Dataset records:
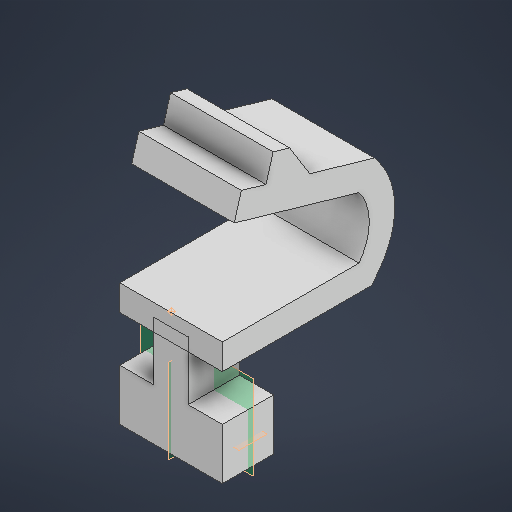
# Autodesk Inventor part: Clipper
Saved by Autodesk Inventor 2027 (Build 310192000, 192)
## iProperties
Created: 2026-03-31
Part Number: Clipper
Material: Generisch
Document SubType Name: Modeling
Designer: thomas
Density: 1 g/cm^3
Appearance: Vorgabe
Author: thomas
Autodesk Inventor part; units mm, degrees
ref_plane "YZ Plane" through (0, 0, 0) normal (1, 0, 0) x (0, 1, 0)
ref_plane "XZ Plane" through (0, 0, 0) normal (0, 1, 0) x (-1, 0, 0)
ref_plane "XY Plane" through (0, 0, 0) normal (0, 0, 1) x (1, 0, 0)
sketch "Sketch6" plane through (0, 0, 0) normal (0, 0, 1) x (1, 0, 0)
  line L0 (3, -1.5) -> (3, 1.5)
  line L1 (3, 1.5) -> (-3, 1.5)
  line L2 (-3, 1.5) -> (-3, -1.5)
  line L3 (-3, -1.5) -> (3, -1.5)
  line L4 (3, -1.5) -> (-3, 1.5) construction
  line L5 (3, 1.5) -> (-3, -1.5) construction
  point P0 (0, 0)
  dimension "d11" = 3
  dimension "d12" = 6
  constraints: 12 end point, 2 midpoint, 2 parallel, 1 perpendicular, 1 vertical
  measures "d11" distance of L0.start L0.end
  measures "d12" distance of L1.end L0.end
extrude "Extrusion4" add sketch "Sketch6" along normal mid plane 3
ref_plane "Work Plane1" through (0, 0, 0) normal (0, 0, 1) x (1, 0, 0)
sketch "Sketch8" plane through (0, 0, 1.5) normal (0, 0, 1) x (1, 0, 0)
  line L0 (-1, -1.5) -> (-1, 1.5)
  line L1 (-1, 1.5) -> (1, 1.5)
  line L2 (1, 1.5) -> (1, -1.5)
  line L3 (1, -1.5) -> (-1, -1.5)
  line L4 (-1, -1.5) -> (1, 1.5) construction
  line L5 (-1, 1.5) -> (1, -1.5) construction
  line L6 (3, 1.5) -> (-3, 1.5) projected
  point P0 (0, 0)
  dimension "d19" = 3
  dimension "d20" = 2
  constraints: 12 end point, 2 midpoint, 2 parallel, 1 collinear, 1 perpendicular
  measures "d19" distance of L0.start L0.end
  measures "d20" distance of L0.end L1.end
extrude "Extrusion6" add sketch "Sketch8" along normal blind 1.5
ref_plane "Work Plane4" through (-3, 0, -1.5) normal (0, 1, 0) x (1, 0, 0)
ref_plane "Work Plane5" through (0, -1.5, 1.5) normal (-1, 0, 0) x (0, 0, 1)
sketch "Sketch9" plane through (0, 0, 3) normal (0, 0, 1) x (1, 0, 0)
  point P0 (0, 0)
sketch "Sketch10" plane through (0, -1.5, 1.5) normal (-1, 0, 0) x (0, 0, 1)
  point P0 (-1.5, 1.5)
sketch "Sketch11" plane through (0, 0, 3) normal (0, 0, 1) x (1, 0, 0)
  point P0 (0, 0)
sketch "Sketch12" plane through (0, -1.5, 1.5) normal (-1, 0, 0) x (0, 0, 1)
  point P0 (-1.5, 1.5)
sketch "Sketch13" plane through (0, -1.5, 1.5) normal (-1, 0, 0) x (0, 0, 1)
  point P0 (-1.5, 1.5)
sketch "Sketch15" plane through (0, -1.5, 1.5) normal (-1, 0, 0) x (0, 0, 1)
  line L0 (4.175, 0) -> (4.175, 8)
  arc A0 (7.75, 8) -> (4.175, 8) centre (5.9625, 5.5907) ccw
  line L1 (7.75, 8) -> (9.858, 0.6982)
  line L2 (0, 0) -> (1.5, 0) projected
  line L3 (1.5, 0) -> (6.1638, 0) construction
  line L4 (1.5, 3) -> (1.5, 0) projected
  point P0 (-1.5, 1.5)
  dimension "d31" = 8
  dimension "d34" = 7.6
  dimension "d41" = 2.675
  dimension "d48" = 3.575
  constraints: 6 end point, 2 point on circle, 1 centre point, 1 horizontal, 1 point on line, 1 vertical
  measures "d31" distance of L0.start L0.end
  measures "d34" distance of L1.start L1.end
  measures "d41" distance between parallel lines of L0 L4
  measures "d48" distance of L1.start L0.end
sketch "Sketch18" plane through (-3, -1.5, -1.5) normal (0, -1, 0) x (1, 0, 0)
  line L0 (6, 5.675) -> (0, 5.675)
  line L1 (0, 5.675) -> (0, 7.175)
  line L2 (0, 7.175) -> (6, 7.175)
  line L3 (6, 7.175) -> (6, 5.675)
  line L4 (6, 5.675) -> (0.1205, 6.5404) construction
  line L5 (0, 5.675) -> (6, 7.175) construction
  line L6 (2, 4.5) -> (4, 4.5) projected
  point P0 (3, 1.5)
  point P1 (2.2234, 6.2309)
  point P2 (3, 4.5)
  point P3 (3, 4.5)
  point P4 (3, 7.175)
  point P5 (3, 7.175)
  dimension "d37" = 6
  dimension "d38" = 1.5
  dimension "d42" = 0
  constraints: 12 end point, 2 midpoint, 2 parallel, 2 point on line, 1 coincident, 1 horizontal, 1 perpendicular
  measures "d37" distance of L0.start L0.end
  measures "d38" distance of L0.end L1.end
  measures "d42" distance of point (3, 4.5) point (3, 4.5)
sweep "Sweep1" add profiles "Sketch18" path "Sketch15" separate body path curves L0 A0 L1
sketch "Sketch19" plane through (-3, 7.7899, 10.4389) normal (0, 0.2773708, 0.9607629) x (1, 0, 0)
  line L0 (0, -7.604) -> (0, 0.0821) projected
  line L1 (6, -0.9095) -> (6, -8.5095) projected
  line L2 (0, -6.0095) -> (6, -6.0095)
  line L3 (6, -6.0095) -> (6, -7.0095)
  line L4 (6, -7.0095) -> (0, -7.0095)
  line L5 (0, -7.0095) -> (0, -6.0095)
  line L6 (6, -8.5095) -> (0, -8.5095) projected
  point P0 (3, -4.5888)
  point P1 (0, -7.0095)
  point P2 (6, -6.0095)
  point P3 (0, -7.0095)
  dimension "d49" = 1.5
  dimension "d50" = 1
  constraints: 8 end point, 2 parallel, 2 point on line, 1 horizontal, 1 perpendicular
  measures "d49" distance between parallel lines of L6 L4
  measures "d50" distance between parallel lines of L4 L2
extrude "Extrusion7" add sketch "Sketch19" along normal blind 1.5 bodies 2
sketch "Sketch20" plane through (-3, -1.5, 4.175) normal (-1, 0, 0) x (0, 0, 1)
  line L0 (7.9307, 3.5162) -> (9.3719, 3.9322) projected
  line L1 (9.3719, 3.9322) -> (7.4684, 5.1177)
  line L2 (7.9307, 3.5162) -> (6.3756, 8.9028) projected
  point P0 (-4.175, 1.5)
  constraints: 2 end point, 1 point on line
extrude "Extrusion8" add sketch "Sketch20" against normal blind 6 bodies 2
sketch "Sketch21" plane through (0, 0, 3) normal (0, 0, 1) x (1, 0, 0)
  line L0 (-1, 1.5) -> (-3, 1.5) projected
  line L1 (1, -1.5) -> (1, 1.5) projected
  line L2 (-1, 1.5) -> (1, 1.5)
  line L3 (1, 1.5) -> (1, -1.5)
  line L4 (1, -1.5) -> (-1, -1.5)
  line L5 (-1, -1.5) -> (-1, 1.5)
  point P0 (0, 0)
  constraints: 8 end point, 2 parallel, 1 horizontal, 1 perpendicular
extrude "Extrusion9" add sketch "Sketch21" along normal blind 1.925 bodies 1
equation "\"d11\" = PCB_thickness"
equation "\"d12\" = clipper_uppter_t_length"
equation "\"d13\" = 0.5 * wall_thickness"
equation "\"d19\" = PCB_thickness"
equation "\"d20\" = clipp_lower_t_part_thickness"
equation "\"d21\" = 0.25 * wall_thickness"
equation "\"d31\" = arm_heigth"
equation "\"d34\" = 0.95 * arm_heigth"
equation "\"d41\" = 0.5 * spring_thickness + 0.35 * gap_width"
equation "\"d48\" = 0.65 * gap_width"
equation "\"d37\" = spring_width"
equation "\"d38\" = spring_thickness"
equation "\"d49\" = hook_offset"
equation "\"d46\" = spring_width"
equation "\"d51\" = 0.35 * gap_width"
equation "\"wall_thickness\" = 6"
equation "\"PCB_thickness\" = 3"
equation "\"clipp_lower_t_part_thickness\" = 2"
equation "\"clipper_uppter_t_length\" = 6"
equation "\"arm_heigth\" = 8"
equation "\"arc_radius\" = 1.3"
equation "\"gap_width\" = 5.5"
equation "\"spring_thickness\" = 1.5"
equation "\"spring_width\" = 6"
equation "\"hook_length\" = 3"
equation "\"hook_offset\" = 1.5"
body "Solid3"
body "Solid4"

◆ Task ◆
Identify the lines in the entries above that contain "bodies", then copy them out.

◆ Output of the task ◆
extrude "Extrusion7" add sketch "Sketch19" along normal blind 1.5 bodies 2
extrude "Extrusion8" add sketch "Sketch20" against normal blind 6 bodies 2
extrude "Extrusion9" add sketch "Sketch21" along normal blind 1.925 bodies 1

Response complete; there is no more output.